DUHS readies for HIPAA

As the next health care privacy compliance deadline looms for Duke University Health System, officials said DUHS is already essentially equipped with a computerized system to safely transfer patient information.

 Beginning Oct. 16, transactions between hospitals and insurance companies will be made electronic under the "transactions and code sets" requirement of the Health Insurance Portability and Accountability Act, a 1996 federal law aimed at protecting patient privacy. The goal of this requirement is to standardize the information exchanged and to make the transactions more secure.

 Roman Perun, assistant director for information systems at the Private Diagnostic Clinic, said currently, when patient information is sent to insurance carriers to determine if a treatment is to be covered, insurance companies or other payers request necessary data in a variety of disparate formats. Under the transactions and code sets clause of HIPAA, however, Perun said everyone will abide by a uniform standard.

 He added that Duke is very close to being prepared for the change and is more prepared than the payers of medical bills. "The payers have concerns of handling the volumes that hospitals would submit," Perun said. "So we continue to test that [their new systems] can handle the data and volume."

 Britt Crewse, associate vice president and chief compliance and privacy officer of DUHS, said the Health System has spent hundreds of thousands of dollars training its staff on the new rules and ensuring the privacy of transactions.

 DUHS also has had to devote time and resources to track any disclosures of patient information for reasons other than treatment or payment purposes--a violation under HIPAA. Crewse said a database has been established to track these disclosures, and financial penalties and potential jail time exist as punishments if disclosures have been made inappropriately.

 The next set of HIPAA regulations to be instituted will be security standards, which will go into effect in 2005, Crewse said. He added that Duke was "pretty much" compliant but emphasized that Duke's patients did not and were not going to witness any significant changes with each deadline for HIPAA compliance.

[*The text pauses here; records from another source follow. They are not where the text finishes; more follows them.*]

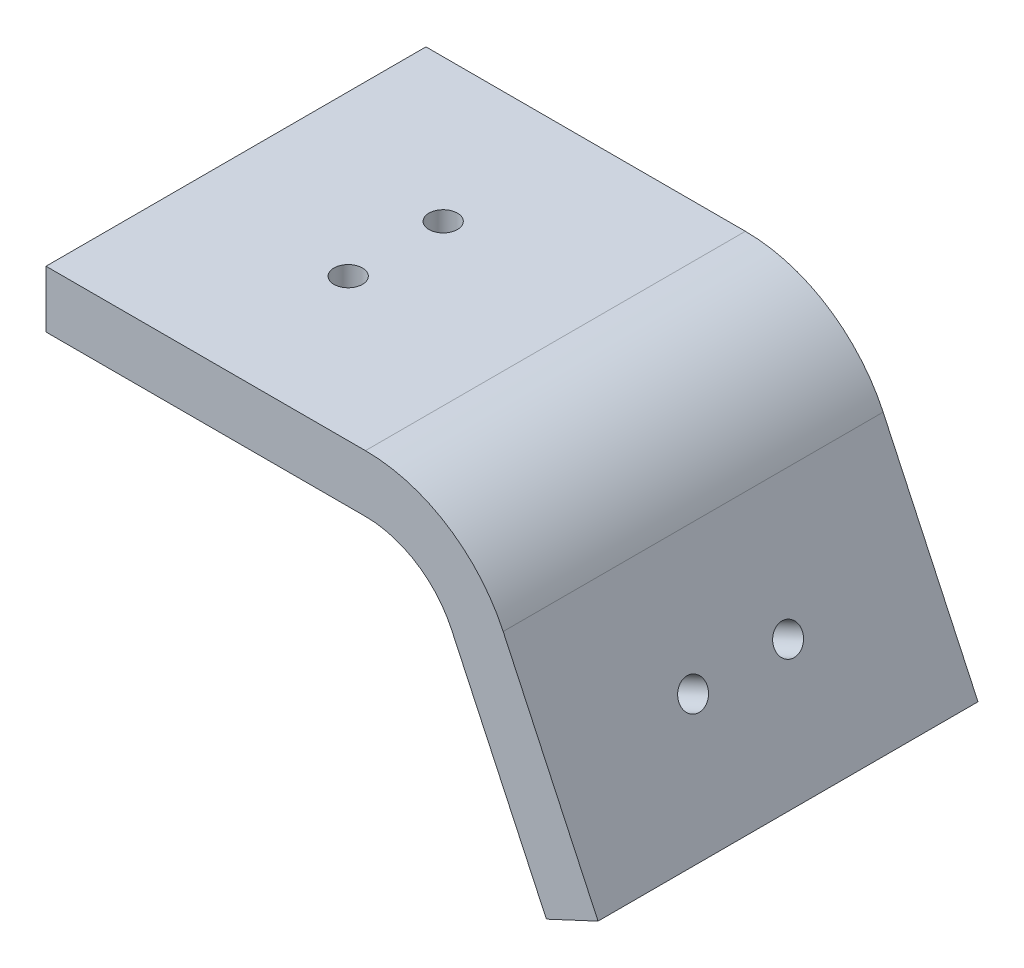
SolidWorks part; units mm, degrees
material "Acrilico TEC"
ref_plane "Front Plane" through (0, 0, 0) normal (0, 0, 1) x (1, 0, 0)
ref_plane "Top Plane" through (0, 0, 0) normal (0, 1, 0) x (1, 0, 0)
ref_plane "Right Plane" through (0, 0, 0) normal (1, 0, 0) x (0, 0, -1)
sketch "Sketch1" plane through (0, 0, 0) normal (0, 0, 1) x (1, 0, 0)
  line L0 (0, 0) -> (-9.9862, 21.4154)
  line L1 (-19.0493, 27.1892) -> (-52.6785, 27.1892)
  line L2 (5.4378, 2.5357) -> (-4.5483, 23.9511)
  line L3 (-19.0493, 33.1892) -> (-52.6785, 33.1892)
  line L4 (-52.6785, 33.1892) -> (-52.6785, 27.1892)
  line L5 (5.4378, 2.5357) -> (0, 0)
  arc A0 (-9.9862, 21.4154) -> (-19.0493, 27.1892) centre (-19.0493, 17.1892) ccw
  arc A1 (-4.5483, 23.9511) -> (-19.0493, 33.1892) centre (-19.0493, 17.1892) ccw
  point P6 (-12.6785, 27.1892)
  dimension "D4" = 10
  dimension "D1" = 115
  dimension "D2" = 30
  dimension "D3" = 40
  dimension "D5" = 6
extrude "Boss-Extrude1" add sketch "Sketch1" along normal blind 40
sketch "Sketch2" plane through (0, 33.1892, 0) normal (0, 1, 0) x (1, 0, 0)
  line L0 (-19.0493, -20) -> (-52.6785, -20) construction
  line L1 (-19.0493, -40) -> (-19.0493, 0) construction
  line L2 (-52.6785, -40) -> (-52.6785, 0) construction
  line L3 (-35.8639, -15) -> (-35.8639, -20)
  circle A0 centre (-35.8639, -15) radius 1.5
  circle A1 centre (-35.8639, -25) radius 1.5
  dimension "D2" = 3
  dimension "D1" = 5
extrude "Cut-Extrude1" cut sketch "Sketch2" against normal blind 40
sketch "Sketch3" plane through (5.4378, 2.5357, 0) normal (0.9063, 0.4226, 0) x (0, 0, -1)
  line L0 (-20, 23.6293) -> (-20, 0) construction
  line L1 (-40, 23.6293) -> (0, 23.6293) construction
  line L2 (-40, 0) -> (0, 0) construction
  line L3 (-15, 11.8146) -> (-20, 11.8146) construction
  circle A0 centre (-15, 11.8146) radius 1.5
  circle A1 centre (-25, 11.8146) radius 1.5
  dimension "D2" = 3
  dimension "D1" = 5
extrude "Cut-Extrude2" cut sketch "Sketch3" against normal blind 40

 Kevin Schulman, director of the Center for Clinical and Genetic Economics, said hospitals across the nation have not made the "massive" investments that HIPAA could have ultimately required.

 "The mechanism [for the transactions and code sets] will be in place, but what we're going to end up with is a system that is not going to be too much different than the previous system," he said. "It will not be an electronic e-commerce system for data processing," as had been the original vision for moving online to reduce the high administrative costs.

 Schulman attributed the lack of an all-encompasing electronic system to both hospitals and health plans facing too much cost. "Duke will have some capabilities in that area, but nowhere near what people had thought the [system] would be like," Schulman said.

 DUHS has also seen some indirect consequences of the first HIPAA regulation instituted in April, which clarified how patient information could be used and what rights patients had for their medical record. Steven Rum, vice chancellor for development and alumni affairs at Duke University Medical Center, pointed to changes in the procedures used to garner donations. "We used to do mass mailings to grateful patients," he said. "We don't do that any more because of HIPAA."

 Rum added that the change would not produce a significant loss in capital. The mass mailings reaped only between $75,000 to $90,000 yearly, which was not considerable in the context of the $75 million DUMC raises every year.

 "Unlike many hospitals we don't do a lot of communication with patients at the low end--we don't spend a lot of time investing in programs that will generate $50 to $100 contributions," he said. Instead, the focus will be on the higher end, when grateful patients self-identify themselves, Rum said.